I have no doubt Scotland's government could spend a lot less (I have given the examples of windmillery & "Scottish Enterprise") but the will seems to be missing. Come to that I am sure it could be done in London too.
 
Come to that I am sure it could be done in London too.

Scotland can be the example for the rest of Britain.

Because Scotland is poorer than the UK average I think we would want & be entitled to some balancing factor.

I don't think you are entitled to squat. As long as you accept London's money you will do what they tell you even if it is destructive to Scotland. All of this is in accord with the Golden Rule:

He who has the gold makes the rules.

Either Scotland can pay its own bills and send a small amount to London to pay for the military protection that it receives, or the entire exercise in Scottish independence is a farce.
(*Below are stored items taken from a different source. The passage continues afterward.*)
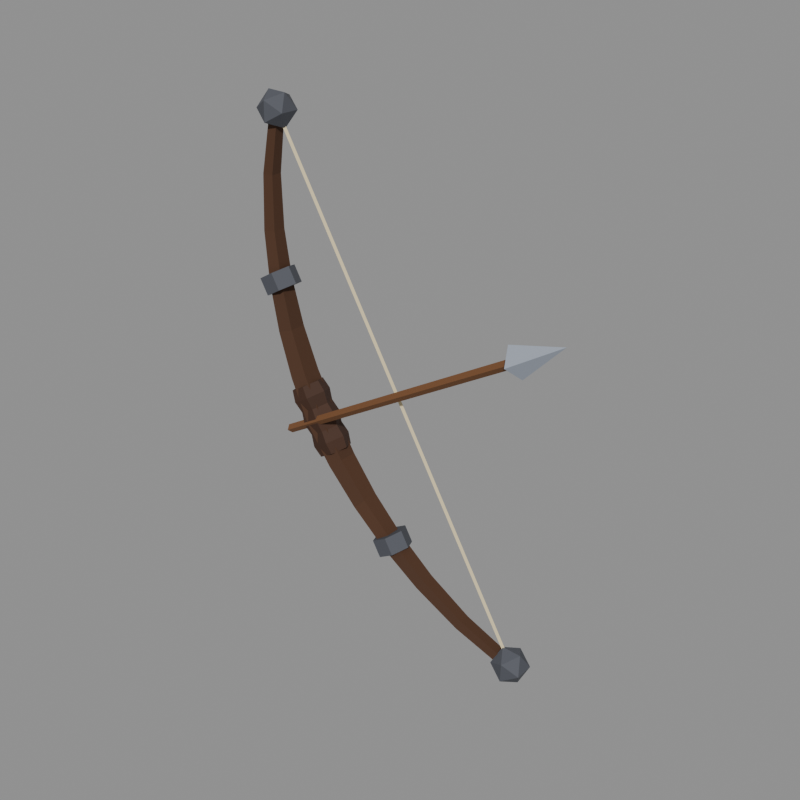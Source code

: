 # Source: titanbane_bow.blend  (saved by Blender 5.2.45; exported with 4.5.12 LTS)
import bpy
from mathutils import Matrix  # noqa: F401  (used for matrix-valued properties, if any)

bpy.ops.wm.read_factory_settings(use_empty=True)
scene = bpy.context.scene
scene.name = 'Scene'

# ---- materials (node trees are filled in below, after node groups)
mat_skin = bpy.data.materials.new('skin')
mat_skin.use_backface_culling = True
mat_cloth = bpy.data.materials.new('cloth')
mat_cloth.use_backface_culling = True
mat_metal = bpy.data.materials.new('metal')
mat_metal.use_backface_culling = True

# ---- material node trees
mat_skin.use_nodes = True; mat_skin.node_tree.nodes.clear()
_N = mat_skin.node_tree.nodes; _L = mat_skin.node_tree.links
n0 = _N.new('ShaderNodeBsdfPrincipled'); n0.name = 'Principled BSDF'; n0.location = (-200, 100)
n0.inputs[2].default_value = 0.8
n0.inputs[10].default_value = 0.005
n1 = _N.new('ShaderNodeOutputMaterial'); n1.name = 'Material Output'; n1.location = (200, 100)
n2 = _N.new('ShaderNodeVertexColor'); n2.name = 'Color Attribute'; n2.location = (0, 0)
n2.layer_name = 'Col'
_L.new(n0.outputs[0], n1.inputs[0])
_L.new(n2.outputs[0], n0.inputs[0])
n1.is_active_output = True
mat_cloth.use_nodes = True; mat_cloth.node_tree.nodes.clear()
_N = mat_cloth.node_tree.nodes; _L = mat_cloth.node_tree.links
n0 = _N.new('ShaderNodeBsdfPrincipled'); n0.name = 'Principled BSDF'; n0.location = (-200, 100)
n0.inputs[2].default_value = 0.8
n0.inputs[10].default_value = 0.005
n1 = _N.new('ShaderNodeOutputMaterial'); n1.name = 'Material Output'; n1.location = (200, 100)
n2 = _N.new('ShaderNodeVertexColor'); n2.name = 'Color Attribute'; n2.location = (0, 0)
n2.layer_name = 'Col'
_L.new(n0.outputs[0], n1.inputs[0])
_L.new(n2.outputs[0], n0.inputs[0])
n1.is_active_output = True
mat_metal.use_nodes = True; mat_metal.node_tree.nodes.clear()
_N = mat_metal.node_tree.nodes; _L = mat_metal.node_tree.links
n0 = _N.new('ShaderNodeBsdfPrincipled'); n0.name = 'Principled BSDF'; n0.location = (-200, 100)
n0.inputs[2].default_value = 0.8
n0.inputs[10].default_value = 0.005
n1 = _N.new('ShaderNodeOutputMaterial'); n1.name = 'Material Output'; n1.location = (200, 100)
n2 = _N.new('ShaderNodeVertexColor'); n2.name = 'Color Attribute'; n2.location = (0, 0)
n2.layer_name = 'Col'
_L.new(n0.outputs[0], n1.inputs[0])
_L.new(n2.outputs[0], n0.inputs[0])
n1.is_active_output = True

# ---- meshes
me_titanbane_bow = bpy.data.meshes.new('titanbane_bow')
me_titanbane_bow.from_pydata([(0.1567, 0.01395, 0.06744), (0.1613, 0.03405, 0.07769), (0.2891, 0.03065, 0.03245), (0.286, 0.01395, 0.02368), (0.1613, 0.03405, 0.07769), (0.1687, 0.02637, 0.09428), (0.2942, 0.02427, 0.04665), (0.2891, 0.03065, 0.03245), (0.1687, 0.02637, 0.09428), (0.1687, 0.001537, 0.09428), (0.2942, 0.003639, 0.04665), (0.2942, 0.02427, 0.04665), (0.1687, 0.001537, 0.09428), (0.1613, -0.006137, 0.07769), (0.2891, -0.002737, 0.03245), (0.2942, 0.003639, 0.04665), (0.1613, -0.006137, 0.07769), (0.1567, 0.01395, 0.06744), (0.286, 0.01395, 0.02368), (0.2891, -0.002737, 0.03245), (0.04744, 0.01395, 0.1245), (0.0545, 0.03745, 0.1356), (0.1613, 0.03405, 0.07769), (0.1567, 0.01395, 0.06744), (0.0545, 0.03745, 0.1356), (0.06593, 0.02847, 0.1535), (0.1687, 0.02637, 0.09428), (0.1613, 0.03405, 0.07769), (0.06593, 0.02847, 0.1535), (0.06593, -0.0005639, 0.1535), (0.1687, 0.001537, 0.09428), (0.1687, 0.02637, 0.09428), (0.06593, -0.0005639, 0.1535), (0.0545, -0.009537, 0.1356), (0.1613, -0.006137, 0.07769), (0.1687, 0.001537, 0.09428), (0.0545, -0.009537, 0.1356), (0.04744, 0.01395, 0.1245), (0.1567, 0.01395, 0.06744), (0.1613, -0.006137, 0.07769), (-0.04686, 0.01395, 0.1909), (-0.03723, 0.04085, 0.2024), (0.0545, 0.03745, 0.1356), (0.04744, 0.01395, 0.1245), (-0.03723, 0.04085, 0.2024), (-0.02166, 0.03057, 0.2211), (0.06593, 0.02847, 0.1535), (0.0545, 0.03745, 0.1356), (-0.02166, 0.03057, 0.2211), (-0.02166, -0.002665, 0.2211), (0.06593, -0.0005639, 0.1535), (0.06593, 0.02847, 0.1535), (-0.02166, -0.002665, 0.2211), (-0.03723, -0.01294, 0.2024), (0.0545, -0.009537, 0.1356), (0.06593, -0.0005639, 0.1535), (-0.03723, -0.01294, 0.2024), (-0.04686, 0.01395, 0.1909), (0.04744, 0.01395, 0.1245), (0.0545, -0.009537, 0.1356), (-0.1292, 0.01395, 0.2647), (-0.1169, 0.04425, 0.2764), (-0.03723, 0.04085, 0.2024), (-0.04686, 0.01395, 0.1909), (-0.1169, 0.04425, 0.2764), (-0.09703, 0.03268, 0.2952), (-0.02166, 0.03057, 0.2211), (-0.03723, 0.04085, 0.2024), (-0.09703, 0.03268, 0.2952), (-0.09703, -0.004767, 0.2952), (-0.02166, -0.002665, 0.2211), (-0.02166, 0.03057, 0.2211), (-0.09703, -0.004767, 0.2952), (-0.1169, -0.01634, 0.2764), (-0.03723, -0.01294, 0.2024), (-0.02166, -0.002665, 0.2211), (-0.1169, -0.01634, 0.2764), (-0.1292, 0.01395, 0.2647), (-0.04686, 0.01395, 0.1909), (-0.03723, -0.01294, 0.2024), (-0.2008, 0.01395, 0.3456), (-0.1858, 0.04765, 0.3568), (-0.1169, 0.04425, 0.2764), (-0.1292, 0.01395, 0.2647), (-0.1858, 0.04765, 0.3568), (-0.1613, 0.03478, 0.3751), (-0.09703, 0.03268, 0.2952), (-0.1169, 0.04425, 0.2764), (-0.1613, 0.03478, 0.3751), (-0.1613, -0.006868, 0.3751), (-0.09703, -0.004767, 0.2952), (-0.09703, 0.03268, 0.2952), (-0.1613, -0.006868, 0.3751), (-0.1858, -0.01974, 0.3568), (-0.1169, -0.01634, 0.2764), (-0.09703, -0.004767, 0.2952), (-0.1858, -0.01974, 0.3568), (-0.2008, 0.01395, 0.3456), (-0.1292, 0.01395, 0.2647), (-0.1169, -0.01634, 0.2764), (-0.2619, 0.01395, 0.4333), (-0.244, 0.05105, 0.4437), (-0.1858, 0.04765, 0.3568), (-0.2008, 0.01395, 0.3456), (-0.244, 0.05105, 0.4437), (-0.2149, 0.03688, 0.4604), (-0.1613, 0.03478, 0.3751), (-0.1858, 0.04765, 0.3568), (-0.2149, 0.03688, 0.4604), (-0.2149, -0.008969, 0.4604), (-0.1613, -0.006868, 0.3751), (-0.1613, 0.03478, 0.3751), (-0.2149, -0.008969, 0.4604), (-0.244, -0.02314, 0.4437), (-0.1858, -0.01974, 0.3568), (-0.1613, -0.006868, 0.3751), (-0.244, -0.02314, 0.4437), (-0.2619, 0.01395, 0.4333), (-0.2008, 0.01395, 0.3456), (-0.1858, -0.01974, 0.3568), (-0.3074, 0.01395, 0.5301), (-0.2901, 0.04765, 0.5375), (-0.244, 0.05105, 0.4437), (-0.2619, 0.01395, 0.4333), (-0.2901, 0.04765, 0.5375), (-0.2621, 0.03478, 0.5496), (-0.2149, 0.03688, 0.4604), (-0.244, 0.05105, 0.4437), (-0.2621, 0.03478, 0.5496), (-0.2621, -0.006868, 0.5496), (-0.2149, -0.008969, 0.4604), (-0.2149, 0.03688, 0.4604), (-0.2621, -0.006868, 0.5496), (-0.2901, -0.01974, 0.5375), (-0.244, -0.02314, 0.4437), (-0.2149, -0.008969, 0.4604), (-0.2901, -0.01974, 0.5375), (-0.3074, 0.01395, 0.5301), (-0.2619, 0.01395, 0.4333), (-0.244, -0.02314, 0.4437), (-0.3416, 0.01395, 0.6325), (-0.3254, 0.04425, 0.6374), (-0.2901, 0.04765, 0.5375), (-0.3074, 0.01395, 0.5301), (-0.3254, 0.04425, 0.6374), (-0.2991, 0.03268, 0.6452), (-0.2621, 0.03478, 0.5496), (-0.2901, 0.04765, 0.5375), (-0.2991, 0.03268, 0.6452), (-0.2991, -0.004767, 0.6452), (-0.2621, -0.006868, 0.5496), (-0.2621, 0.03478, 0.5496), (-0.2991, -0.004767, 0.6452), (-0.3254, -0.01634, 0.6374), (-0.2901, -0.01974, 0.5375), (-0.2621, -0.006868, 0.5496), (-0.3254, -0.01634, 0.6374), (-0.3416, 0.01395, 0.6325), (-0.3074, 0.01395, 0.5301), (-0.2901, -0.01974, 0.5375), (-0.3644, 0.01395, 0.7408), (-0.3496, 0.04085, 0.7434), (-0.3254, 0.04425, 0.6374), (-0.3416, 0.01395, 0.6325), (-0.3496, 0.04085, 0.7434), (-0.3256, 0.03057, 0.7475), (-0.2991, 0.03268, 0.6452), (-0.3254, 0.04425, 0.6374), (-0.3256, 0.03057, 0.7475), (-0.3256, -0.002665, 0.7475), (-0.2991, -0.004767, 0.6452), (-0.2991, 0.03268, 0.6452), (-0.3256, -0.002665, 0.7475), (-0.3496, -0.01294, 0.7434), (-0.3254, -0.01634, 0.6374), (-0.2991, -0.004767, 0.6452), (-0.3496, -0.01294, 0.7434), (-0.3644, 0.01395, 0.7408), (-0.3416, 0.01395, 0.6325), (-0.3254, -0.01634, 0.6374), (-0.3747, 0.01395, 0.8556), (-0.3615, 0.03745, 0.8562), (-0.3496, 0.04085, 0.7434), (-0.3644, 0.01395, 0.7408), (-0.3615, 0.03745, 0.8562), (-0.3403, 0.02847, 0.8572), (-0.3256, 0.03057, 0.7475), (-0.3496, 0.04085, 0.7434), (-0.3403, 0.02847, 0.8572), (-0.3403, -0.0005639, 0.8572), (-0.3256, -0.002665, 0.7475), (-0.3256, 0.03057, 0.7475), (-0.3403, -0.0005639, 0.8572), (-0.3615, -0.009537, 0.8562), (-0.3496, -0.01294, 0.7434), (-0.3256, -0.002665, 0.7475), (-0.3615, -0.009537, 0.8562), (-0.3747, 0.01395, 0.8556), (-0.3644, 0.01395, 0.7408), (-0.3496, -0.01294, 0.7434), (-0.3695, 0.01395, 0.9788), (-0.3583, 0.03405, 0.9777), (-0.3615, 0.03745, 0.8562), (-0.3747, 0.01395, 0.8556), (-0.3583, 0.03405, 0.9777), (-0.3402, 0.02637, 0.9758), (-0.3403, 0.02847, 0.8572), (-0.3615, 0.03745, 0.8562), (-0.3402, 0.02637, 0.9758), (-0.3402, 0.001537, 0.9758), (-0.3403, -0.0005639, 0.8572), (-0.3403, 0.02847, 0.8572), (-0.3402, 0.001537, 0.9758), (-0.3583, -0.006137, 0.9777), (-0.3615, -0.009537, 0.8562), (-0.3403, -0.0005639, 0.8572), (-0.3583, -0.006137, 0.9777), (-0.3695, 0.01395, 0.9788), (-0.3747, 0.01395, 0.8556), (-0.3615, -0.009537, 0.8562), (-0.3427, 0.01395, 1.113), (-0.3336, 0.03065, 1.111), (-0.3583, 0.03405, 0.9777), (-0.3695, 0.01395, 0.9788), (-0.3336, 0.03065, 1.111), (-0.3187, 0.02427, 1.108), (-0.3402, 0.02637, 0.9758), (-0.3583, 0.03405, 0.9777), (-0.3187, 0.02427, 1.108), (-0.3187, 0.003639, 1.108), (-0.3402, 0.001537, 0.9758), (-0.3402, 0.02637, 0.9758), (-0.3187, 0.003639, 1.108), (-0.3336, -0.002737, 1.111), (-0.3583, -0.006137, 0.9777), (-0.3402, 0.001537, 0.9758), (-0.3336, -0.002737, 1.111), (-0.3427, 0.01395, 1.113), (-0.3695, 0.01395, 0.9788), (-0.3583, -0.006137, 0.9777), (0.286, 0.01395, 0.02368), (0.2891, 0.03065, 0.03245), (0.2942, 0.02427, 0.04665), (0.2942, 0.003639, 0.04665), (0.2891, -0.002737, 0.03245), (-0.3336, -0.002737, 1.111), (-0.3187, 0.003639, 1.108), (-0.3187, 0.02427, 1.108), (-0.3336, 0.03065, 1.111), (-0.3427, 0.01395, 1.113), (-0.1642, 0.01395, 0.3974), (-0.1801, 0.0457, 0.3882), (-0.1911, 0.05043, 0.4127), (-0.1728, 0.01395, 0.4232), (-0.1801, 0.0457, 0.3882), (-0.2118, 0.0457, 0.3699), (-0.2275, 0.05043, 0.3916), (-0.1911, 0.05043, 0.4127), (-0.2118, 0.0457, 0.3699), (-0.2277, 0.01395, 0.3607), (-0.2458, 0.01395, 0.3811), (-0.2275, 0.05043, 0.3916), (-0.2277, 0.01395, 0.3607), (-0.2118, -0.01779, 0.3699), (-0.2275, -0.02252, 0.3916), (-0.2458, 0.01395, 0.3811), (-0.2118, -0.01779, 0.3699), (-0.1801, -0.01779, 0.3882), (-0.1911, -0.02252, 0.4127), (-0.2275, -0.02252, 0.3916), (-0.1801, -0.01779, 0.3882), (-0.1642, 0.01395, 0.3974), (-0.1728, 0.01395, 0.4232), (-0.1911, -0.02252, 0.4127), (-0.1728, 0.01395, 0.4232), (-0.1911, 0.05043, 0.4127), (-0.2068, 0.0457, 0.4344), (-0.1909, 0.01395, 0.4435), (-0.1911, 0.05043, 0.4127), (-0.2275, 0.05043, 0.3916), (-0.2385, 0.0457, 0.416), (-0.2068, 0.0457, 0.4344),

Of course, when I talk of sending a small amount to London, I am including tariff revenue, North Sea excise taxes, and whatever revenue you can scrounge up.


With proper management Hollyrood could be entirely self sufficient financially.
 
I would very much like it to be such an example, as ireland has been, but for cultural reasons Ireland didn't get noticed as much in London as here.

I have no doubt Scotland could be fully independent & what we get, after counting Scotland's oil, isn't that much - probably less than we pay the EU, certainly far less than adding the cost of EU regulations. It isn't a deal breaker if it comes to independence but I do think that in any union there should be some pressure towards equalisation.
 
I wasn't talking about financial independence from the EU, although I advocate that too.

But if you do point out that Scotland is receiving more than it is paying then you should also point out that that is what is driving socialism and dependence on London. And you should state that Scotland can make it without a hand out.

Is a summary of Hollyrood's budget available online?

Of course, if Britain goes broke you may get your financial independence sooner than you planned.
 
Scottish budget
http://www.scotland.gov.uk/Resource/Doc/238287/0065416.pdf
pdf p 126 for the total.

If Britain went bust we would still be stuck with our share of the national debt. Apart from anything else most government debt is owed to citizens.